Items from a data source
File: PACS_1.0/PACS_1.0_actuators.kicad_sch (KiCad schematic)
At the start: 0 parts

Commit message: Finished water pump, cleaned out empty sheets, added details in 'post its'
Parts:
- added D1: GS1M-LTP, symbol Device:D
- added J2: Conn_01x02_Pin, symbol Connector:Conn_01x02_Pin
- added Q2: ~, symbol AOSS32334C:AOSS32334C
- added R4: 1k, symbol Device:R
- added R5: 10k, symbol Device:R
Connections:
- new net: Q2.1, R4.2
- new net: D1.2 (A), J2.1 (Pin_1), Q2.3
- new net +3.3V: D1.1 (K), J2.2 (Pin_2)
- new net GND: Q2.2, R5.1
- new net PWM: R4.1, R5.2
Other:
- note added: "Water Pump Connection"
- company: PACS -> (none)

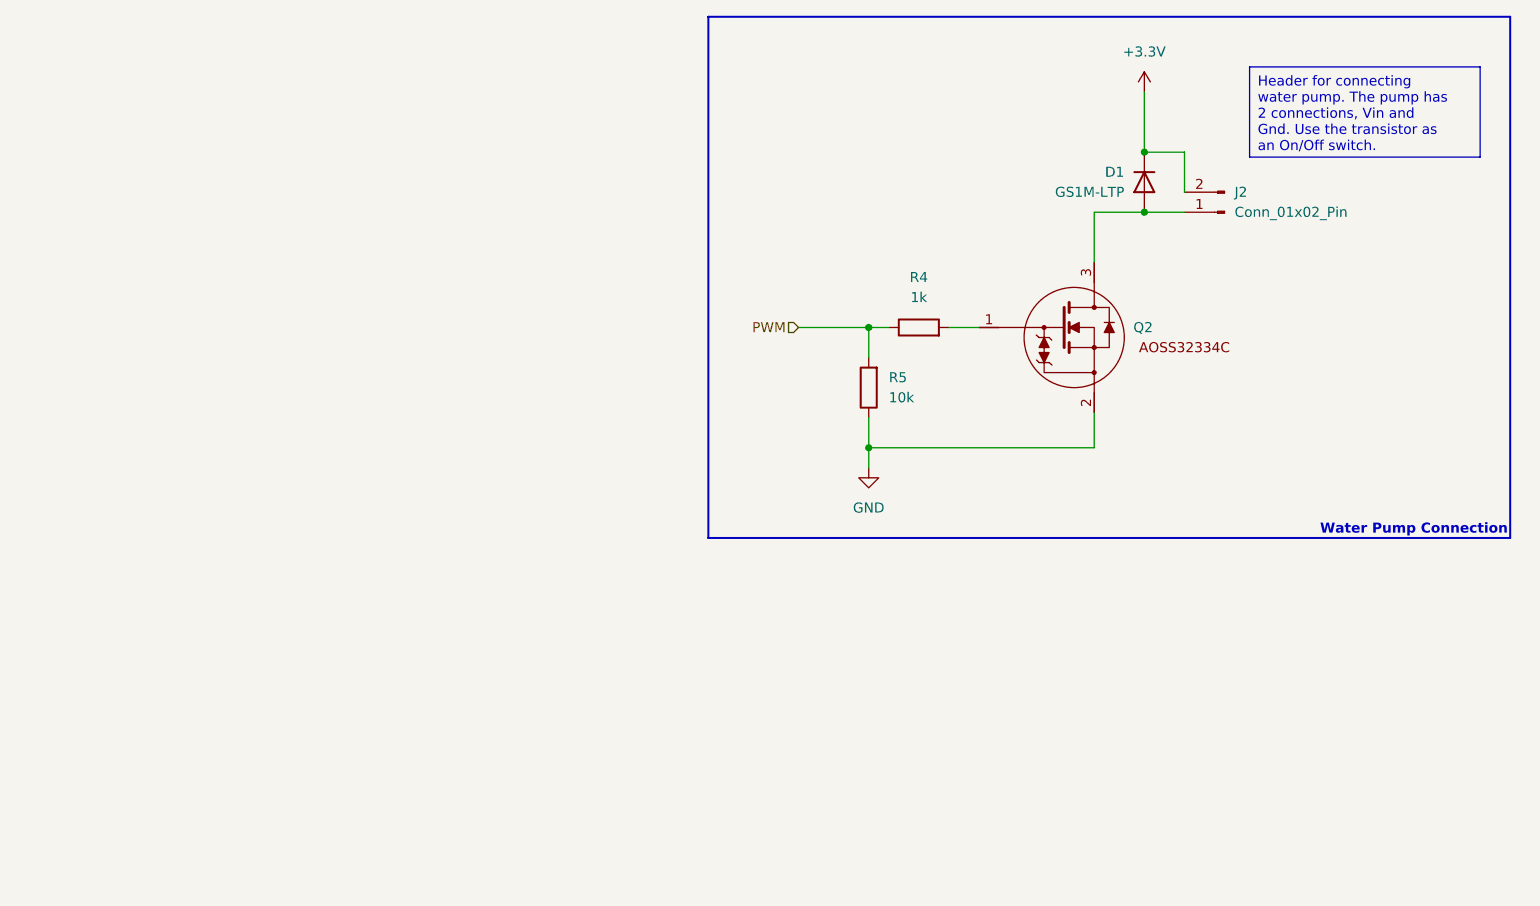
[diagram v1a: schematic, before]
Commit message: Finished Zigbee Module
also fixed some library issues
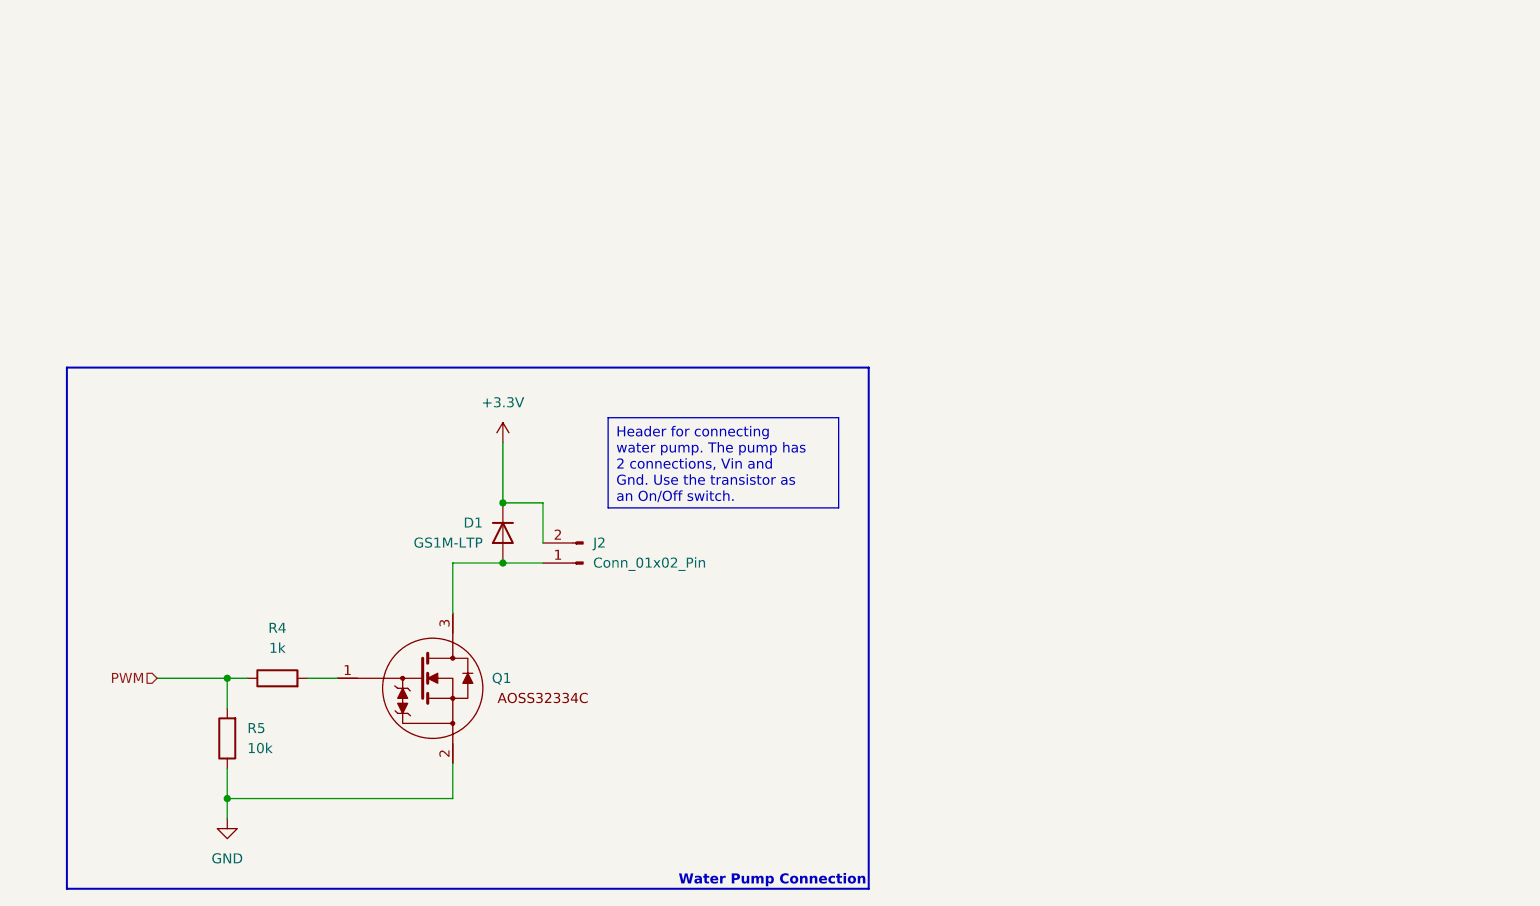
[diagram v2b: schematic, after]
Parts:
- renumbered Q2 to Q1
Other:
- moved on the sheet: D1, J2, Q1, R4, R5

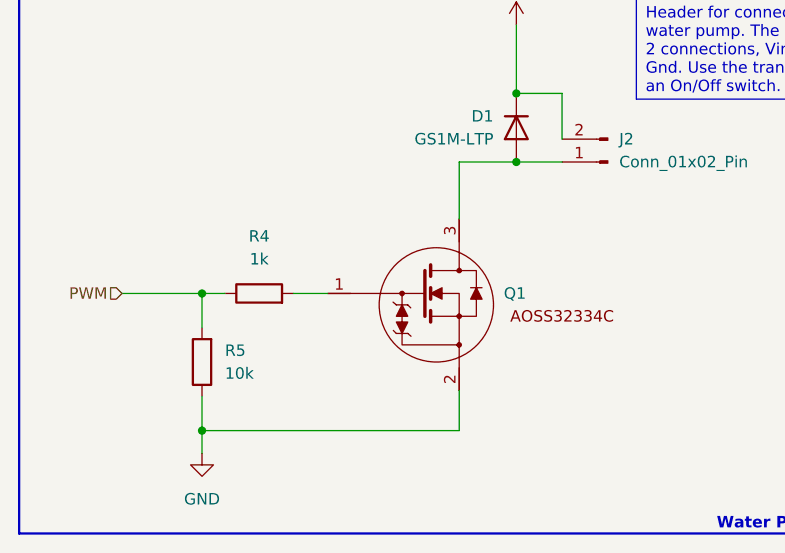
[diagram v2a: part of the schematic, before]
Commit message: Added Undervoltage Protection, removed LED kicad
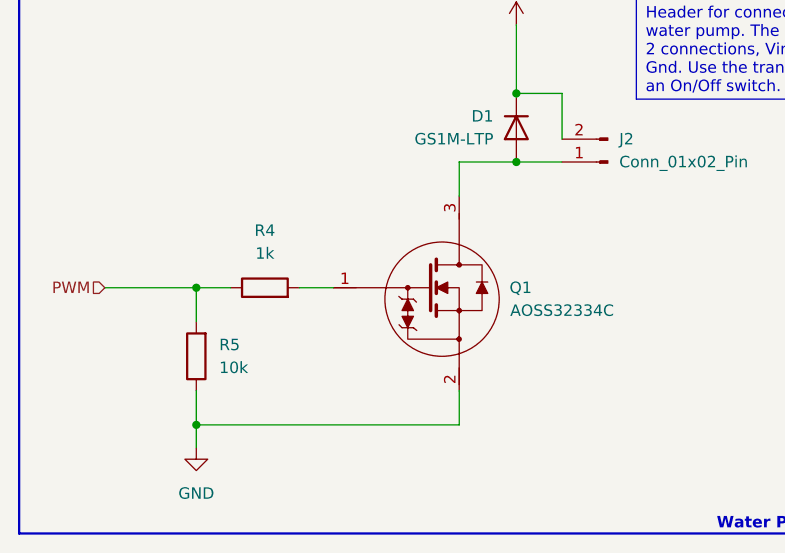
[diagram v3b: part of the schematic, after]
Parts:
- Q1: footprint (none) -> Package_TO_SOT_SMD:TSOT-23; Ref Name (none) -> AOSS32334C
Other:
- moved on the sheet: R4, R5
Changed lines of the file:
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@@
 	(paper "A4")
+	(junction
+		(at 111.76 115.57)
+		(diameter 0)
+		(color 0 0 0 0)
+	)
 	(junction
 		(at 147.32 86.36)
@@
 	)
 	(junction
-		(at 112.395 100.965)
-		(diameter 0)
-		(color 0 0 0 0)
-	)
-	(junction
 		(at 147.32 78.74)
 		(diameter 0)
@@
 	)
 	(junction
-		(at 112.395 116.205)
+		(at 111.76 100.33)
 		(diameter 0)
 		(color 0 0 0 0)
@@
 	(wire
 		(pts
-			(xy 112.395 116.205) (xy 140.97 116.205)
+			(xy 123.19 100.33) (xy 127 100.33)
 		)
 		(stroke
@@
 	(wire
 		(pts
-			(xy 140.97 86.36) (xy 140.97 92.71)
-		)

## Exercise prompt:
Find the lines above with the word "after". Copy them out.

## Expected answer:
[diagram v2b: schematic, after]
[diagram v3b: part of the schematic, after]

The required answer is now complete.